Upregulation/Downregulation

  • Upregulation increases receptor number; downregulation reduces.
  • Chronic exposure to ligands can result in downregulation.
  • Examples include drug exposure.

Drug Dose Response

  • Dose recommendations are based on averages in normal, healthy populations; individualized treatment may be required
  • Titration is typically needed until the desired therapeutic response
  • Dose–response curves can be graded or quantal.

Potency vs Efficacy

  • Potency refers to the drug concentration needed to produce a given effect
  • Efficacy refers to the maximum effect a drug can produce (y-axis).

Receptor Pharmacology: Agonists, Antagonists

  • Agonists mimic endogenous ligands.
  • Antagonists block receptors.
  • Partial agonists have only part of the maximal effect.
  • Inverse agonists produce an effect opposite to that of an agonist.

Allosteric Modulator

  • Binds to an allosteric site on the receptor
  • Modifies the receptor's response to an agonist.
  • Distinct from normal agonist binding site

Drug Interactions

  • Additive effect: sum of effects due to combined use of drugs
  • Antagonistic effect: one drug blocks the effect of another.
  • Potentiation: effect of one drug is enhanced by another.

Tachyphylaxis

  • Response to a given dose decreases with repeated administration
  • Possible reasons include pharmacokinetic and pharmacodynamic mechanisms
  • Examples include certain drugs that can cause tachyphylaxis

Quick Review/Trick Review

  • Review of drug dose-response curve.
  • Questions to help with understanding potency, safety margins and other related concepts.

Memory Master Knowledge Check

  • Questions related to different concepts.

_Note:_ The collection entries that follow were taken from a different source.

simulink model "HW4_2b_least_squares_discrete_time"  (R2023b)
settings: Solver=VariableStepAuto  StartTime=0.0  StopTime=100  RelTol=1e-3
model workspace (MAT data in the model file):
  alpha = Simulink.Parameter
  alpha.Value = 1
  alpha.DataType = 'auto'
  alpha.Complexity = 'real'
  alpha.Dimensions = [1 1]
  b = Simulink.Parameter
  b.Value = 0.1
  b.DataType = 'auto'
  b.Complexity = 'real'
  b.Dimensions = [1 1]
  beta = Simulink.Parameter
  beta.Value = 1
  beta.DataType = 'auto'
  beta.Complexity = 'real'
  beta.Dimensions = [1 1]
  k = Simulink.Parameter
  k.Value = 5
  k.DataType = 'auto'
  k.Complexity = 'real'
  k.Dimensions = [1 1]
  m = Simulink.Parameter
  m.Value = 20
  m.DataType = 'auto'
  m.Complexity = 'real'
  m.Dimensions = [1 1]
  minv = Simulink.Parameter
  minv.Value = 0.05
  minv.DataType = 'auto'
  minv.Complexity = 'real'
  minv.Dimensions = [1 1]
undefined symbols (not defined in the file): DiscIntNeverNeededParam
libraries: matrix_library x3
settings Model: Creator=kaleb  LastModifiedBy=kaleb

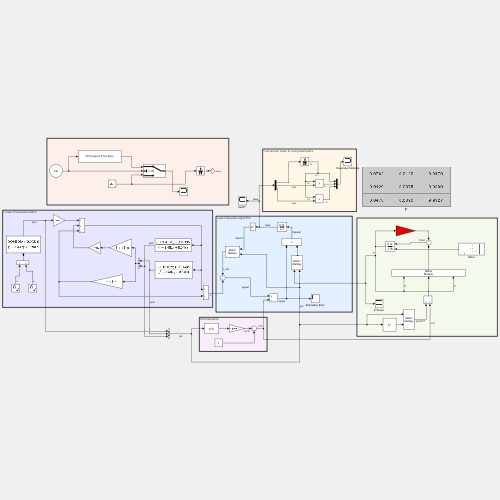
[thumbnail: Simulink's stored preview of the top-level diagram]
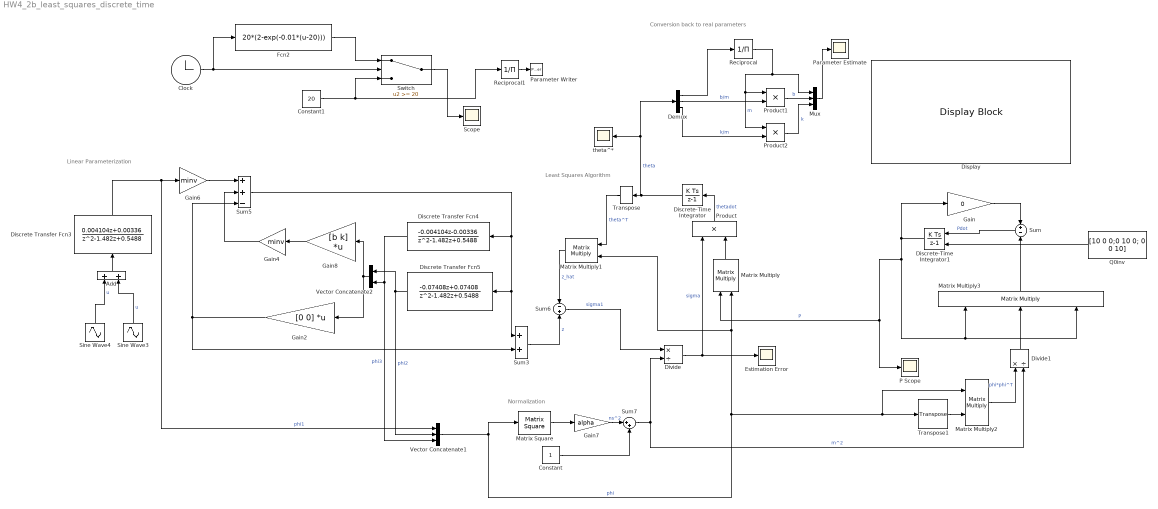
== system HW4_2b_least_squares_discrete_time ==
  note: Least Squares Algorithm
  note: Conversion back to real parameters
  note: Normalization
  note: Linear Parameterization
  Add : Sum
  Clock : Clock
  Constant : Constant
  Constant1 : Constant  Value=20
  Demux : Demux  Outputs=3
  Discrete Transfer Fcn3 : DiscreteTransferFcn  Numerator=[0.004104 0.00336]  Denominator=[1 -1.482 0.5488]
  Discrete Transfer Fcn4 : DiscreteTransferFcn  Numerator=[-0.004104 -0.00336]  Denominator=[1 -1.482 0.5488]
  Discrete Transfer Fcn5 : DiscreteTransferFcn  Numerator=[-0.07408 0.07408]  Denominator=[1 -1.482 0.5488]
  Discrete-Time Integrator : DiscreteIntegrator  InitialCondition=[0.1 0.1 0.1]  SampleTime=-1  ICPrevOutput=DiscIntNeverNeededParam  ICPrevScaledInput=DiscIntNeverNeededParam
  Discrete-Time Integrator1 : DiscreteIntegrator  InitialConditionSource=external  InitialCondition=[0.1 0.1 0.1]  SampleTime=-1  ICPrevOutput=DiscIntNeverNeededParam  ICPrevScaledInput=DiscIntNeverNeededParam
  Display : DisplayBlock  LabelPosition=Bottom  Transparency=1
  Divide : Product  Inputs=*/
  Divide1 : Product  Inputs=*/
  Estimation Error : Scope
  Fcn2 : Fcn  Expr=20*(2-exp(-0.01*(u-20)))
  Gain : Gain  Gain=0
  Gain2 : Gain  Gain=[0 0]  Multiplication=Matrix(K*u)
  Gain4 : Gain  Gain=minv
  Gain6 : Gain  Gain=minv
  Gain7 : Gain  Gain=alpha
  Gain8 : Gain  Gain=[b k]  Multiplication=Matrix(K*u)
  Matrix Square : matrix_library/Matrix Square  OutMin=[]  OutMax=[]
      settings: LibrarySourceBlock=|
      | simulink/Matrix
      | Operations/Matrix
      | Square
  Matrix Multiply : Product  Multiplication=Matrix(*)
  Matrix Multiply1 : Product  Multiplication=Matrix(*)
  Matrix Multiply2 : Product  Multiplication=Matrix(*)
  Matrix Multiply3 : Product  Inputs=3  Multiplication=Matrix(*)
  Mux : Mux  Inputs=3
  P Scope : Scope
  Parameter Estimate : Scope
  Parameter Writer : ParameterWriter  AccessWorkspaceVariable=on  WorkspaceVariableName=minv
  Product : Product
  Product1 : Product
  Product2 : Product
  Q0inv : Constant  Value=[10 0 0;0 10 0; 0 0 10]
  Reciprocal : Product  Inputs=/  OutMax=[10000]
  Reciprocal1 : Product  Inputs=/
  Scope : Scope
  Sine Wave3 : Sin  Amplitude=5  Frequency=0.5  SampleTime=0.1
  Sine Wave4 : Sin  Amplitude=2  Frequency=2  SampleTime=0.1
  Sum : Sum  Inputs=+-
  Sum3 : Sum
  Sum5 : Sum  Inputs=++-
  Sum6 : Sum  Inputs=-+
  Sum7 : Sum  Inputs=|++
  Switch : Switch  Threshold=20  ZeroCross=off  SaturateOnIntegerOverflow=off  InputSameDT=off
  Transpose : matrix_library/Transpose
  Transpose1 : matrix_library/Transpose
  Vector Concatenate1 : Concatenate  NumInputs=3
  Vector Concatenate2 : Concatenate
  theta^* : Scope
  wires:
  Matrix Multiply1/1 -> Sum6/1  "z_hat"
  Matrix Square/1 -> Gain7/1
  Constant/1 -> Sum7/2
  Sum7/1 -> Divide1/2, Divide/2  "m^2"
  Gain7/1 -> Sum7/1  "ns^2"
  Sum6/1 -> Divide/1  "sigma1"
  Product/1 -> Discrete-Time Integrator/1  "thetadot"
  Discrete-Time Integrator/1 -> Transpose/1, Demux/1, theta^*/1  "theta"
  Transpose/1 -> Matrix Multiply1/1  "theta^T"
  Divide/1 -> Estimation Error/1, Product/1  "sigma"
  Demux/2 -> Product1/2  "b/m"
  Demux/3 -> Product2/2  "k/m"
  Reciprocal/1 -> Product1/1, Product2/1, Mux/1  "m"
  Product1/1 -> Mux/2  "b"
  Product2/1 -> Mux/3  "k"
  Mux/1 -> Parameter Estimate/1
  Matrix Multiply/1 -> Product/2
  Demux/1 -> Reciprocal/1
  Discrete-Time Integrator1/1 -> Gain/1, Matrix Multiply/1, P Scope/1, Matrix Multiply3/3, Matrix Multiply3/1  "P"
  Gain/1 -> Sum/1
  Transpose1/1 -> Matrix Multiply2/2
  Matrix Multiply2/1 -> Divide1/1  "phi*phi^T"
  Matrix Multiply3/1 -> Sum/2
  Divide1/1 -> Matrix Multiply3/2
  Clock/1 -> Fcn2/1, Switch/2
  Constant1/1 -> Switch/3, Reciprocal1/1
  Fcn2/1 -> Switch/1
  Switch/1 -> Scope/1
  Reciprocal1/1 -> Parameter Writer/1
  Q0inv/1 -> Discrete-Time Integrator1/2
  Sum/1 -> Discrete-Time Integrator1/1  "Pdot"
  Sine Wave4/1 -> Add/1  "u"
  Sum3/1 -> Sum6/2  "z"
  Discrete Transfer Fcn5/1 -> Vector Concatenate1/2, Vector Concatenate2/1  "phi2"
  Gain4/1 -> Sum5/2
  Add/1 -> Discrete Transfer Fcn3/1
  Gain2/1 -> Sum5/3, Sum3/2
  Gain8/1 -> Gain4/1
  Discrete Transfer Fcn4/1 -> Vector Concatenate1/3, Vector Concatenate2/2  "phi3"
  Gain6/1 -> Sum5/1
  Vector Concatenate2/1 -> Gain8/1, Gain2/1
  Sine Wave3/1 -> Add/2  "u"
  Discrete Transfer Fcn3/1 -> Vector Concatenate1/1, Gain6/1  "phi1"
  Sum5/1 -> Discrete Transfer Fcn4/1, Sum3/1, Discrete Transfer Fcn5/1
  Vector Concatenate1/1 -> Matrix Multiply2/1, Transpose1/1, Matrix Multiply1/2, Matrix Multiply/2, Matrix Square/1  "phi"

Pharmacogenetics and Population Variability

  • Variations in genetic makeup can affect drug response.
  • Pharmacogenomics helps identify optimal therapies.
  • Drugs differ in their metabolic pathways.
    • Examples: CYP450 isoenzymes and more

Older Adult/Geriatric Considerations

  • Changes in blood volume, body composition, and organ function affect drug response in older adults.
  • These include factors affecting organ function.

Pediatric/Neonatal Considerations

  • Factors like immature organs and rapidly maturing systems influence responses to drugs in children.
  • Considerations of body composition, and metabolism affect drug action.

Obstetric Considerations

  • Pregnant persons have physiological changes.
  • Including considerations of increased blood volume, altered metabolism, and more.

Sex-Dependent Differences

  • Hormonal differences and differences in organ function can influence drug responses in males vs females.